Im still rocking an ABIT AB9 Pro in my current PC. The damn thing has been running OC'd CPU's, RAM and GPU's for 5-and-a-half-years and its still working fine. Im going to use it untill it dies and only then will I upgrade <3 Abit
In all actuallity I am old enoigh and have been on the computer scene plenty long enough. The AMD I loath is the current one. The AMD that was on top, kicking butt and taking names, that is the AMD I love and respect. As for the new one: am I not allowed to have a differing opinion? If AMD can get its former glory and brilliance back from intels current grip, before they slide into financial death, I will be able to respect them again. If they keep it, and get that spark back, I'll be able to love them again. Seeing as my mind is playing tricks on me and my long leave of the computer scene due to, well, life, i cant remember what caused AMD to slow down enough to let intel take the scene, could you refresh me from a modders pov? From what I remember, AMD was a juggernaut at the time. Mind you, I wasnt as heavily into it then as I am now.
They've always been a small company when compared to Intel. What happened was AMD kept the K8 architecture for way too long, and K10 came far too late and was far too under powered even though the technology showed promise, but just took far too long to hit the market in the form of the Phenom II series. I've not looked at their stuff in a long time, but I've not looked at Intel either since 2008. I have heard good things about AMD's APU range but their linux support is pretty poor in my opinion which puts me off in a big way.
Still rocking my DFI sli-dr with an opty 165 old indestructible hardware. Too bad DFI isn't around anymore... (well not for the consumer-market) let's hope for a AMD & DFI comeback... those good old days.
I haven't had two boards from the same manufacturer in my main machine after all these years. I simply have no brand loyalty, I have just bought what has been by common consensus the best bang for buck board every time I've switched (usually only when upgrading socket tbh).

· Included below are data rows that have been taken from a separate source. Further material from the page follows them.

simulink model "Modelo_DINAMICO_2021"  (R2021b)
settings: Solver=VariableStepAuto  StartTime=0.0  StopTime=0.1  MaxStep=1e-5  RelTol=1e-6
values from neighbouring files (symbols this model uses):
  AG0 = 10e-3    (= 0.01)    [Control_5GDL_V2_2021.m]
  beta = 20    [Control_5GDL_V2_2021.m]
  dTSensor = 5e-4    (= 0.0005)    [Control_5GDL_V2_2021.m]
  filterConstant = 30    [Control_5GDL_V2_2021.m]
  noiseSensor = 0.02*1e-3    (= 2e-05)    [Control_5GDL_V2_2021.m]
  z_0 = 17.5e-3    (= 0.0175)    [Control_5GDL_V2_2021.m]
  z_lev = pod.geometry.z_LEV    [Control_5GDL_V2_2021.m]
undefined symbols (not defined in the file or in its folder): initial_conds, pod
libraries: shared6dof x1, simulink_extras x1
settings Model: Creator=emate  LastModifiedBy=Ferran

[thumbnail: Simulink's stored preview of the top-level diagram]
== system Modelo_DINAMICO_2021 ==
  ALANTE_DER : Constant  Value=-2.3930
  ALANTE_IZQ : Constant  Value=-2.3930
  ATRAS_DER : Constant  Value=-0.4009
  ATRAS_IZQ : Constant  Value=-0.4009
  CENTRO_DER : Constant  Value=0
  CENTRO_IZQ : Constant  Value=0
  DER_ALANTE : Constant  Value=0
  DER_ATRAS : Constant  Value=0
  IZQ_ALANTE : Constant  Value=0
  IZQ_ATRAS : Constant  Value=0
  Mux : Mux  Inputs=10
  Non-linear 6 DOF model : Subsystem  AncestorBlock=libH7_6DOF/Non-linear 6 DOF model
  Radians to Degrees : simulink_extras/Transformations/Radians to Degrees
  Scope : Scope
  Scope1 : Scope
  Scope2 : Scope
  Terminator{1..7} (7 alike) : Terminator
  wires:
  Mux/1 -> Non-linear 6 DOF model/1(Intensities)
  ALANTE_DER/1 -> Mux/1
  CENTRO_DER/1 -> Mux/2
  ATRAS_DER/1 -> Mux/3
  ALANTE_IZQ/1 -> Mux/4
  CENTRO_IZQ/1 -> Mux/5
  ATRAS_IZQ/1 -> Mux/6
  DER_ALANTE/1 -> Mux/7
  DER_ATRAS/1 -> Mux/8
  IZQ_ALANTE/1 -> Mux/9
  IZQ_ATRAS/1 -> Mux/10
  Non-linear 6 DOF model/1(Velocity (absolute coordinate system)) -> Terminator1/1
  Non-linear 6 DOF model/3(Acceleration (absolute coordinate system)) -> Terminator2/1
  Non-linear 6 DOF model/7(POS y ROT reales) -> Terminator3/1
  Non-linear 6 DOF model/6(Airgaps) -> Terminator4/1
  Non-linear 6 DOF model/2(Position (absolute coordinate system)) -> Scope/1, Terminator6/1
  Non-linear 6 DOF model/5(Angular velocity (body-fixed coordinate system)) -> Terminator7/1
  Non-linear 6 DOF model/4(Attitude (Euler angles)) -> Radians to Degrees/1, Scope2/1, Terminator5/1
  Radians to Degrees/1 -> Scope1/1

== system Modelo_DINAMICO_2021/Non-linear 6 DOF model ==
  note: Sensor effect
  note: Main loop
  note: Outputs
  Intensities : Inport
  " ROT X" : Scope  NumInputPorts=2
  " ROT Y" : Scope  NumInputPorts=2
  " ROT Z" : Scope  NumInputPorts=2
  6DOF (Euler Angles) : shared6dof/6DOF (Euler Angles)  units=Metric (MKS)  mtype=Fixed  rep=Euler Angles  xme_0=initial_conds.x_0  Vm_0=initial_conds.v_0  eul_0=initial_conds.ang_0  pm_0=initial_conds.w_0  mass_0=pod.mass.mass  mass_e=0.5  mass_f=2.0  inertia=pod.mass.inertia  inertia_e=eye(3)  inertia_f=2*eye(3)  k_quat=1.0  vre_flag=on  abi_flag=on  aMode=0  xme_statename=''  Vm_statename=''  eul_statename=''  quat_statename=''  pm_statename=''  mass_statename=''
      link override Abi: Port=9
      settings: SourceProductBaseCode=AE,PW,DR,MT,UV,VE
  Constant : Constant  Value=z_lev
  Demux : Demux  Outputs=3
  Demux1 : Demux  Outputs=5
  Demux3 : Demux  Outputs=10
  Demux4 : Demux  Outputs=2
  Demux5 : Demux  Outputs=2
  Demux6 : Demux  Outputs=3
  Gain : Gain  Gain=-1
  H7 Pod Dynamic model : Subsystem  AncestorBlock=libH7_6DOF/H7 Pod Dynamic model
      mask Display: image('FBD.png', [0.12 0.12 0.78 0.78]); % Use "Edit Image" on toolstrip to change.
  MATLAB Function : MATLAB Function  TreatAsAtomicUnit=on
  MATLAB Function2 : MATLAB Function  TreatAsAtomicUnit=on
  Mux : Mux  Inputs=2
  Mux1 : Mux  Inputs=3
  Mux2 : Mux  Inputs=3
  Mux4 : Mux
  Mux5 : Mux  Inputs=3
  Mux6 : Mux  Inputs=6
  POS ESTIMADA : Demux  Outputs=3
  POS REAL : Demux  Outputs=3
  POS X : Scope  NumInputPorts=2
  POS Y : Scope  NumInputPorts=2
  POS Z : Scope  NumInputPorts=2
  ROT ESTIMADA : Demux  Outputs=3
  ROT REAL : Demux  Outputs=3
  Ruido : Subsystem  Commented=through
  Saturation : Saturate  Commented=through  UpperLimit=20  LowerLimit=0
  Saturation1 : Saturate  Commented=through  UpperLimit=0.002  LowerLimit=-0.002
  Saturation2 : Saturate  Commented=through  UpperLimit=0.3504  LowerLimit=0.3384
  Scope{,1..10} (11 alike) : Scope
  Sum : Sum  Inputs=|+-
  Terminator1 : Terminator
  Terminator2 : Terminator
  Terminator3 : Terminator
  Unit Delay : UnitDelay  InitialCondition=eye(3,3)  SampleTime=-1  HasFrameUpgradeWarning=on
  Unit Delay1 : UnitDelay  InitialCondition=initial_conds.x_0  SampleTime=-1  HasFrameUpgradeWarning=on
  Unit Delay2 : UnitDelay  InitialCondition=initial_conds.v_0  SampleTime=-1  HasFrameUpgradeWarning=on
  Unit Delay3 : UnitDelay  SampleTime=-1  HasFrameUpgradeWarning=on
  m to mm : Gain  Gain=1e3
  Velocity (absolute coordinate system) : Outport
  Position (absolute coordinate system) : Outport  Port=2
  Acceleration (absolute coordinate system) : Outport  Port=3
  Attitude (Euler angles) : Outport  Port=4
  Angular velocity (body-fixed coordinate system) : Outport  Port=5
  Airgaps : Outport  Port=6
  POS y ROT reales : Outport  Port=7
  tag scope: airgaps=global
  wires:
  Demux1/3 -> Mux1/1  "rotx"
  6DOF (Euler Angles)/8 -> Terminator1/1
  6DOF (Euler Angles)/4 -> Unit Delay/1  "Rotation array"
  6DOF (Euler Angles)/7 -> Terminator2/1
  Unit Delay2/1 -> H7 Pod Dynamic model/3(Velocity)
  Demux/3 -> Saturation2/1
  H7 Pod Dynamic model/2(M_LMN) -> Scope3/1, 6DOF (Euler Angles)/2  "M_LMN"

Not being old enough or not knowing stuff that other people know, is not a crime - was merely an observation that you probably weren't aware. AMD has never been a "juggernaut" it's always been a relatively small company. They were on top as they had a vastly superior chip - first on the 64-bit consumer chip scene and first real dual core. Then yeah R+D - intel spent massively on making their architecture better, AMD didn't have the money. AMD still make good chips - they just don't make good high end chips. Intel don't have anything that can touch the amd chips with built in good quality gpu's. I think your reasons for "not respecting" a company are quite silly, it's like you have read a few articles, gotten the gist of what a few people say or think and then taken that as gospel. "the computer scene" - there is no computer scene.
You get what I meant by computer scene. I said that for lack of a better word. And my other reason is all my experiance with customer support, RMA'ing etc have been horrible. Had three doa graphics cards from them so far. Then all three times they denied they had ever listed, made or designed said card. Then when we finally got a working card. Week later it fries. Then on with the chase again. When AMD was on top there support was great. And you are right, great in the low to mid range sector. Never really looked at those though. I mentioned them getting it back, but i am mostly concernerned with the support. Its one thing to not reply, but telling such an ugly lie..... *fumes*
Unless I'm very much mistaken, AMD don't make graphics cards... so one assumes that you were in fact dealing with one of AMD's partners?
The difference between ATI and AMD is semantic (although it's all AMD now), my point was that whilst they design the GPU and a reference board, they then then license partners like Sapphire, ASUS, XFX, Gigabyte, MSI etc to actually make the cards and get them into the distribution channels.
Good point. Thing is as I posted they also denied even designing the card- which is the equivocal of shoving a fresh, steaming pile of bull **** in front of your face. I can understand giving one the runaround, as its a logical business tactic to avoid hemorrhaging money like Mitt Romney in a Rolex store. But blatantly lying to me is a step to far IMHO.
If it was a non-reference model they were telling the truth, and either way it was the board manufacturer's responsibility rather than AMD's directly.
It was reference. ATI and everything. Not a sign of any other company, though it I will keep that in mind before get into another argument with an Nvidia rep(that was several months ago, right after my argument(s) with AMD, before someone burns me) EDIT: If it weren't for the fact that this is a message board, I wouldn't be able to keep from asking how we have managed to derail this thread so much.